The best I came up with was "This content type has no fields, thought you should know."
There's nothing wrong with having no fields on a content type.
I think this is fine as is.
Comment #28
catchThe problem isn't that you have a bundle with no fields, it's that you're trying to render a field that doesn't have an instance on a content type (or retrieve an instance on a bundle that doesn't have the field assigned). That's exactly the sort of error which can lead to headbanging and debugging so it'd be good to give people a clue that they're doing something strange. Also field API is full of very specific exceptions that do this in lots of other circumstances.
If we could throw a fatal error previously, I don't see why it's impossible to log some kind of error now. Back to CNW one more time.
Comment #29
rudiedirkx commented(OP coding format+)
Comment #30
pwolanin commented19: 1161708-field_invoke-trouble-19.patch queued for re-testing.
Comment #32
David_Rothstein commentedIs this issue still relevant for Drupal 8?
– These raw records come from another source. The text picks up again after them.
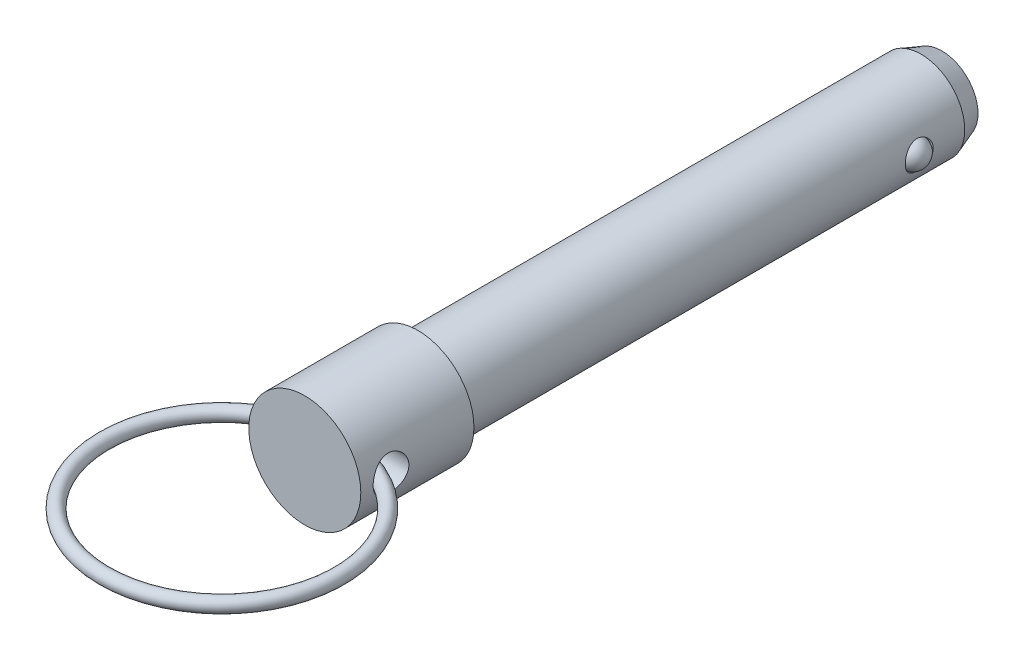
ISO-10303-21;
HEADER;
FILE_DESCRIPTION(('STEP AP214'),'2;1');
FILE_NAME('part.step','',(''),(''),'','','');
FILE_SCHEMA(('AUTOMOTIVE_DESIGN { 1 0 10303 214 1 1 1 1 }'));
ENDSEC;
DATA;
#1=APPLICATION_CONTEXT('core data for automotive mechanical design processes');
#2=APPLICATION_PROTOCOL_DEFINITION('international standard','automotive_design',2000,#1);
#3=PRODUCT_CONTEXT('',#1,'mechanical');
#4=PRODUCT('Part','Part','',(#3));
#5=PRODUCT_RELATED_PRODUCT_CATEGORY('part','',(#4));
#6=PRODUCT_DEFINITION_FORMATION('','',#4);
#7=PRODUCT_DEFINITION_CONTEXT('part definition',#1,'design');
#8=PRODUCT_DEFINITION('design','',#6,#7);
#9=PRODUCT_DEFINITION_SHAPE('','',#8);
#10=(LENGTH_UNIT() NAMED_UNIT(*) SI_UNIT(.MILLI.,.METRE.));
#11=(NAMED_UNIT(*) PLANE_ANGLE_UNIT() SI_UNIT($,.RADIAN.));
#12=(NAMED_UNIT(*) SI_UNIT($,.STERADIAN.) SOLID_ANGLE_UNIT());
#13=UNCERTAINTY_MEASURE_WITH_UNIT(LENGTH_MEASURE(1.E-05),#10,'distance_accuracy_value','');
#14=(GEOMETRIC_REPRESENTATION_CONTEXT(3) GLOBAL_UNCERTAINTY_ASSIGNED_CONTEXT((#13)) GLOBAL_UNIT_ASSIGNED_CONTEXT((#10,
#11,#12)) REPRESENTATION_CONTEXT('',''));
#15=CARTESIAN_POINT('',(0.,0.,0.));
#16=DIRECTION('',(0.,0.,1.));
#17=DIRECTION('',(1.,0.,0.));
#18=AXIS2_PLACEMENT_3D('',#15,#16,#17);
#19=CARTESIAN_POINT('',(7.9375,0.,9.398));
#20=DIRECTION('',(-1.,0.,0.));
#21=DIRECTION('',(0.,0.,-1.));
#22=AXIS2_PLACEMENT_3D('',#19,#20,#21);
#23=CYLINDRICAL_SURFACE('',#22,2.0193);
#24=CARTESIAN_POINT('',(-6.3502,0.292157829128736,11.3960531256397));
#25=CARTESIAN_POINT('',(-6.33446408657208,0.262361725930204,11.4004344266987));
#26=CARTESIAN_POINT('',(-6.32102794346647,0.231225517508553,11.4042829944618));
#27=CARTESIAN_POINT('',(-6.2992523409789,0.167152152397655,11.4106204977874));
#28=CARTESIAN_POINT('',(-6.29090461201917,0.134218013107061,11.413111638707));
#29=CARTESIAN_POINT('',(-6.27972917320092,0.0672091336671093,11.4164621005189));
#30=CARTESIAN_POINT('',(-6.27692077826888,0.0331308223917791,11.4173157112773));
#31=CARTESIAN_POINT('',(-6.27702601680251,-0.0350157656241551,11.4172838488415));
#32=CARTESIAN_POINT('',(-6.27993956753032,-0.0690840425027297,11.4163984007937));
#33=CARTESIAN_POINT('',(-6.29126629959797,-0.135748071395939,11.4130038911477));
#34=CARTESIAN_POINT('',(-6.29960976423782,-0.168356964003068,11.4105154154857));
#35=CARTESIAN_POINT('',(-6.32127848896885,-0.231802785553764,11.404211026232));
#36=CARTESIAN_POINT('',(-6.33461136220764,-0.26263692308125,11.4003930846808));
#37=CARTESIAN_POINT('',(-6.3502,-0.29215782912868,11.3960531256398));
#38=B_SPLINE_CURVE_WITH_KNOTS('',3,(#24,#25,#26,#27,#28,#29,#30,#31,#32,#33,#34,#35,#36,#37),
.UNSPECIFIED.,.F.,.F.,(4,2,2,2,2,2,4),(0.,0.10189986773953,0.203633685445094,0.305721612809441,
0.407808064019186,0.508608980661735,0.609564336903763),.UNSPECIFIED.);
#39=CARTESIAN_POINT('',(-6.34383491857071,0.279747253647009,11.3978284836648));
#40=VERTEX_POINT('',#39);
#41=CARTESIAN_POINT('',(-6.34383491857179,-0.279747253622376,11.3978284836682));
#42=VERTEX_POINT('',#41);
#43=EDGE_CURVE('E40',#40,#42,#38,.T.);
#44=ORIENTED_EDGE('',*,*,#43,.F.);
#45=CARTESIAN_POINT('',(-6.35,0.,11.4173));
#46=CARTESIAN_POINT('',(-6.34999578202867,-0.110312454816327,11.417293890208));
#47=CARTESIAN_POINT('',(-6.34709412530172,-0.220741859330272,11.4082188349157));
#48=CARTESIAN_POINT('',(-6.3357852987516,-0.438477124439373,11.3722159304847));
#49=CARTESIAN_POINT('',(-6.3273687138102,-0.545777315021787,11.3452575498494));
#50=CARTESIAN_POINT('',(-6.30595235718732,-0.75391448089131,11.2744960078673));
#51=CARTESIAN_POINT('',(-6.29296259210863,-0.854765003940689,11.2307296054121));
#52=CARTESIAN_POINT('',(-6.26374009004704,-1.04765917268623,11.1277235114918));
#53=CARTESIAN_POINT('',(-6.24750783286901,-1.13970411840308,11.0684861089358));
#54=CARTESIAN_POINT('',(-6.2129360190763,-1.31536123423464,10.9342184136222));
#55=CARTESIAN_POINT('',(-6.19454917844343,-1.39865352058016,10.8587818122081));
#56=CARTESIAN_POINT('',(-6.15801023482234,-1.5516474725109,10.6951184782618));
#57=CARTESIAN_POINT('',(-6.13985819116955,-1.62134576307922,10.606888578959));
#58=CARTESIAN_POINT('',(-6.1053372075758,-1.74691684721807,10.4173629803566));
#59=CARTESIAN_POINT('',(-6.08902613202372,-1.80238797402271,10.315789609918));
#60=CARTESIAN_POINT('',(-6.06074349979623,-1.89532725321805,10.104153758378));
#61=CARTESIAN_POINT('',(-6.04877073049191,-1.93280043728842,9.99409365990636));
#62=CARTESIAN_POINT('',(-6.03101341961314,-1.9875076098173,9.77220930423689));
#63=CARTESIAN_POINT('',(-6.0250482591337,-2.00533395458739,9.66054596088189));
#64=CARTESIAN_POINT('',(-6.01944581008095,-2.02209234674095,9.43566621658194));
#65=CARTESIAN_POINT('',(-6.01980677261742,-2.02102961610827,9.32245025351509));
#66=CARTESIAN_POINT('',(-6.02665663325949,-2.00050250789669,9.10261826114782));
#67=CARTESIAN_POINT('',(-6.03289303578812,-1.98179631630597,8.99592223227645));
#68=CARTESIAN_POINT('',(-6.05038018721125,-1.92774435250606,8.78726894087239));
#69=CARTESIAN_POINT('',(-6.06163151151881,-1.89239667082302,8.68531222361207));
#70=CARTESIAN_POINT('',(-6.08807105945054,-1.80553890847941,8.48724541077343));
#71=CARTESIAN_POINT('',(-6.1033159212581,-1.75379385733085,8.39124624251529));
#72=CARTESIAN_POINT('',(-6.13599834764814,-1.63577635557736,8.20905256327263));
#73=CARTESIAN_POINT('',(-6.15343637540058,-1.56950083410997,8.12286013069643));
#74=CARTESIAN_POINT('',(-6.18954615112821,-1.42061516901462,7.95845350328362));
#75=CARTESIAN_POINT('',(-6.20823733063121,-1.33738288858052,7.88080597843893));
#76=CARTESIAN_POINT('',(-6.2440320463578,-1.15881168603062,7.74040227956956));
#77=CARTESIAN_POINT('',(-6.26113489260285,-1.06346754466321,7.67765255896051));
#78=CARTESIAN_POINT('',(-6.29201953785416,-0.86223092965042,7.56842117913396));
#79=CARTESIAN_POINT('',(-6.30576997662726,-0.756251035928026,7.5220914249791));
#80=CARTESIAN_POINT('',(-6.32815272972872,-0.537579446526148,7.448167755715));
#81=CARTESIAN_POINT('',(-6.3367955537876,-0.424902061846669,7.4205353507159));
#82=CARTESIAN_POINT('',(-6.34491251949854,-0.25933398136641,7.39474486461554));
#83=CARTESIAN_POINT('',(-6.3468148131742,-0.207677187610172,7.38873516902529));
#84=CARTESIAN_POINT('',(-6.34935954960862,-0.104022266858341,7.38071129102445));
#85=CARTESIAN_POINT('',(-6.35000198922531,-0.0520241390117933,7.37869711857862));
#86=CARTESIAN_POINT('',(-6.34999578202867,0.110312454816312,7.37870610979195));
#87=CARTESIAN_POINT('',(-6.34709412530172,0.22074185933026,7.38778116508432));
#88=CARTESIAN_POINT('',(-6.33578529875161,0.438477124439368,7.4237840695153));
#89=CARTESIAN_POINT('',(-6.32736871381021,0.545777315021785,7.45074245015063));
#90=CARTESIAN_POINT('',(-6.30595235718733,0.753914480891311,7.52150399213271));
#91=CARTESIAN_POINT('',(-6.29296259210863,0.85476500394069,7.56527039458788));
#92=CARTESIAN_POINT('',(-6.26374009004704,1.04765917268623,7.66827648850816));
#93=CARTESIAN_POINT('',(-6.24750783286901,1.13970411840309,7.72751389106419));
#94=CARTESIAN_POINT('',(-6.2129360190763,1.31536123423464,7.86178158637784));
#95=CARTESIAN_POINT('',(-6.19454917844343,1.39865352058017,7.93721818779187));
#96=CARTESIAN_POINT('',(-6.15801023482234,1.55164747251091,8.10088152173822));
#97=CARTESIAN_POINT('',(-6.13985819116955,1.62134576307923,8.18911142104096));
#98=CARTESIAN_POINT('',(-6.1053372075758,1.74691684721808,8.37863701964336));
#99=CARTESIAN_POINT('',(-6.08902613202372,1.80238797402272,8.48021039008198));
#100=CARTESIAN_POINT('',(-6.06074349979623,1.89532725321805,8.69184624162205));
#101=CARTESIAN_POINT('',(-6.04877073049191,1.93280043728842,8.80190634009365));
#102=CARTESIAN_POINT('',(-6.03101341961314,1.9875076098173,9.02379069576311));
#103=CARTESIAN_POINT('',(-6.0250482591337,2.0053339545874,9.13545403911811));
#104=CARTESIAN_POINT('',(-6.01944581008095,2.02209234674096,9.36033378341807));
#105=CARTESIAN_POINT('',(-6.01980677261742,2.02102961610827,9.47354974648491));
#106=CARTESIAN_POINT('',(-6.02665663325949,2.00050250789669,9.69338173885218));
#107=CARTESIAN_POINT('',(-6.03289303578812,1.98179631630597,9.80007776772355));
#108=CARTESIAN_POINT('',(-6.05038018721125,1.92774435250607,10.0087310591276));
#109=CARTESIAN_POINT('',(-6.06163151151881,1.89239667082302,10.1106877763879));
#110=CARTESIAN_POINT('',(-6.08807105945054,1.80553890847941,10.3087545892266));
#111=CARTESIAN_POINT('',(-6.1033159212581,1.75379385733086,10.4047537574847));
#112=CARTESIAN_POINT('',(-6.13599834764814,1.63577635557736,10.5869474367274));
#113=CARTESIAN_POINT('',(-6.15343637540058,1.56950083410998,10.6731398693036));
#114=CARTESIAN_POINT('',(-6.18954615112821,1.42061516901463,10.8375464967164));
#115=CARTESIAN_POINT('',(-6.20823733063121,1.33738288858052,10.9151940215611));
#116=CARTESIAN_POINT('',(-6.2440320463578,1.15881168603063,11.0555977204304));
#117=CARTESIAN_POINT('',(-6.26113489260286,1.06346754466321,11.1183474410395));
#118=CARTESIAN_POINT('',(-6.29201953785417,0.862230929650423,11.227578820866));
#119=CARTESIAN_POINT('',(-6.30576997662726,0.756251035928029,11.2739085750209));
#120=CARTESIAN_POINT('',(-6.32815272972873,0.537579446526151,11.347832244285));
#121=CARTESIAN_POINT('',(-6.33679555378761,0.424902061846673,11.3754646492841));
#122=CARTESIAN_POINT('',(-6.34491251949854,0.259333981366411,11.4012551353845));
#123=CARTESIAN_POINT('',(-6.34681481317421,0.207677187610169,11.4072648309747));
#124=CARTESIAN_POINT('',(-6.34935954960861,0.104022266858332,11.4152887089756));
#125=CARTESIAN_POINT('',(-6.35000198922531,0.05202413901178,11.4173028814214));
#126=CARTESIAN_POINT('',(-6.35,0.,11.4173));
#127=B_SPLINE_CURVE_WITH_KNOTS('',3,(#45,#46,#47,#48,#49,#50,#51,#52,#53,#54,#55,#56,#57,#58,
#59,#60,#61,#62,#63,#64,#65,#66,#67,#68,#69,#70,#71,#72,#73,#74,#75,#76,#77,#78,#79,#80,#81,#82,
#83,#84,#85,#86,#87,#88,#89,#90,#91,#92,#93,#94,#95,#96,#97,#98,#99,#100,#101,#102,#103,#104,
#105,#106,#107,#108,#109,#110,#111,#112,#113,#114,#115,#116,#117,#118,#119,#120,#121,#122,#123,
#124,#125,#126),.UNSPECIFIED.,.T.,.F.,(4,2,2,2,2,2,2,2,2,2,2,2,2,2,2,2,2,2,2,2,2,2,2,2,2,2,2,2,
2,2,2,2,2,2,2,2,2,2,2,2,4),(0.,0.330736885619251,0.66203988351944,0.992622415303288,
1.32315606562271,1.66322530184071,2.00337886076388,2.35228054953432,2.70108463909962,
3.0390572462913,3.37693642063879,3.70092724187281,4.02495524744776,4.35385413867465,
4.68282260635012,5.02727904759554,5.37188442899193,5.71959937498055,6.06659632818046,
6.22257380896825,6.37855167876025,6.70928856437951,7.04059156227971,7.37117409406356,
7.70170774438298,8.04177698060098,8.38193053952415,8.73083222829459,9.0796363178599,
9.41760892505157,9.75548809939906,10.0794789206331,10.403506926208,10.7324058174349,
11.0613742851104,11.4058307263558,11.7504361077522,12.0981510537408,12.4451480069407,
12.6011254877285,12.7571033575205),.UNSPECIFIED.);
#128=EDGE_CURVE('E66',#42,#40,#127,.T.);
#129=ORIENTED_EDGE('',*,*,#128,.F.);
#130=EDGE_LOOP('',(#44,#129));
#131=FACE_BOUND('',#130,.T.);
#132=CARTESIAN_POINT('',(6.3502,-0.29215782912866,11.3960531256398));
#133=CARTESIAN_POINT('',(6.33446408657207,-0.26236172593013,11.4004344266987));
#134=CARTESIAN_POINT('',(6.32102794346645,-0.231225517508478,11.4042829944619));
#135=CARTESIAN_POINT('',(6.29925234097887,-0.167152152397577,11.4106204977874));
#136=CARTESIAN_POINT('',(6.29090461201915,-0.13421801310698,11.413111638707));
#137=CARTESIAN_POINT('',(6.27972917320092,-0.0672091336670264,11.4164621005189));
#138=CARTESIAN_POINT('',(6.27692077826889,-0.0331308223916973,11.4173157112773));
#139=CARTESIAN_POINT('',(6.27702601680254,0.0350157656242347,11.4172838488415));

That is true if you trigger this via field_view_field(), but aren't there many ways to call this function besides that, any many of them aren't error conditions?
So at first glance I don't think we'd want a watchdog() call or similar inside _field_invoke_get_instances() itself. Maybe inside field_view_field()...
Comment #41
catchThis is no longer relevant for Drupal 9, moving back to Drupal 7.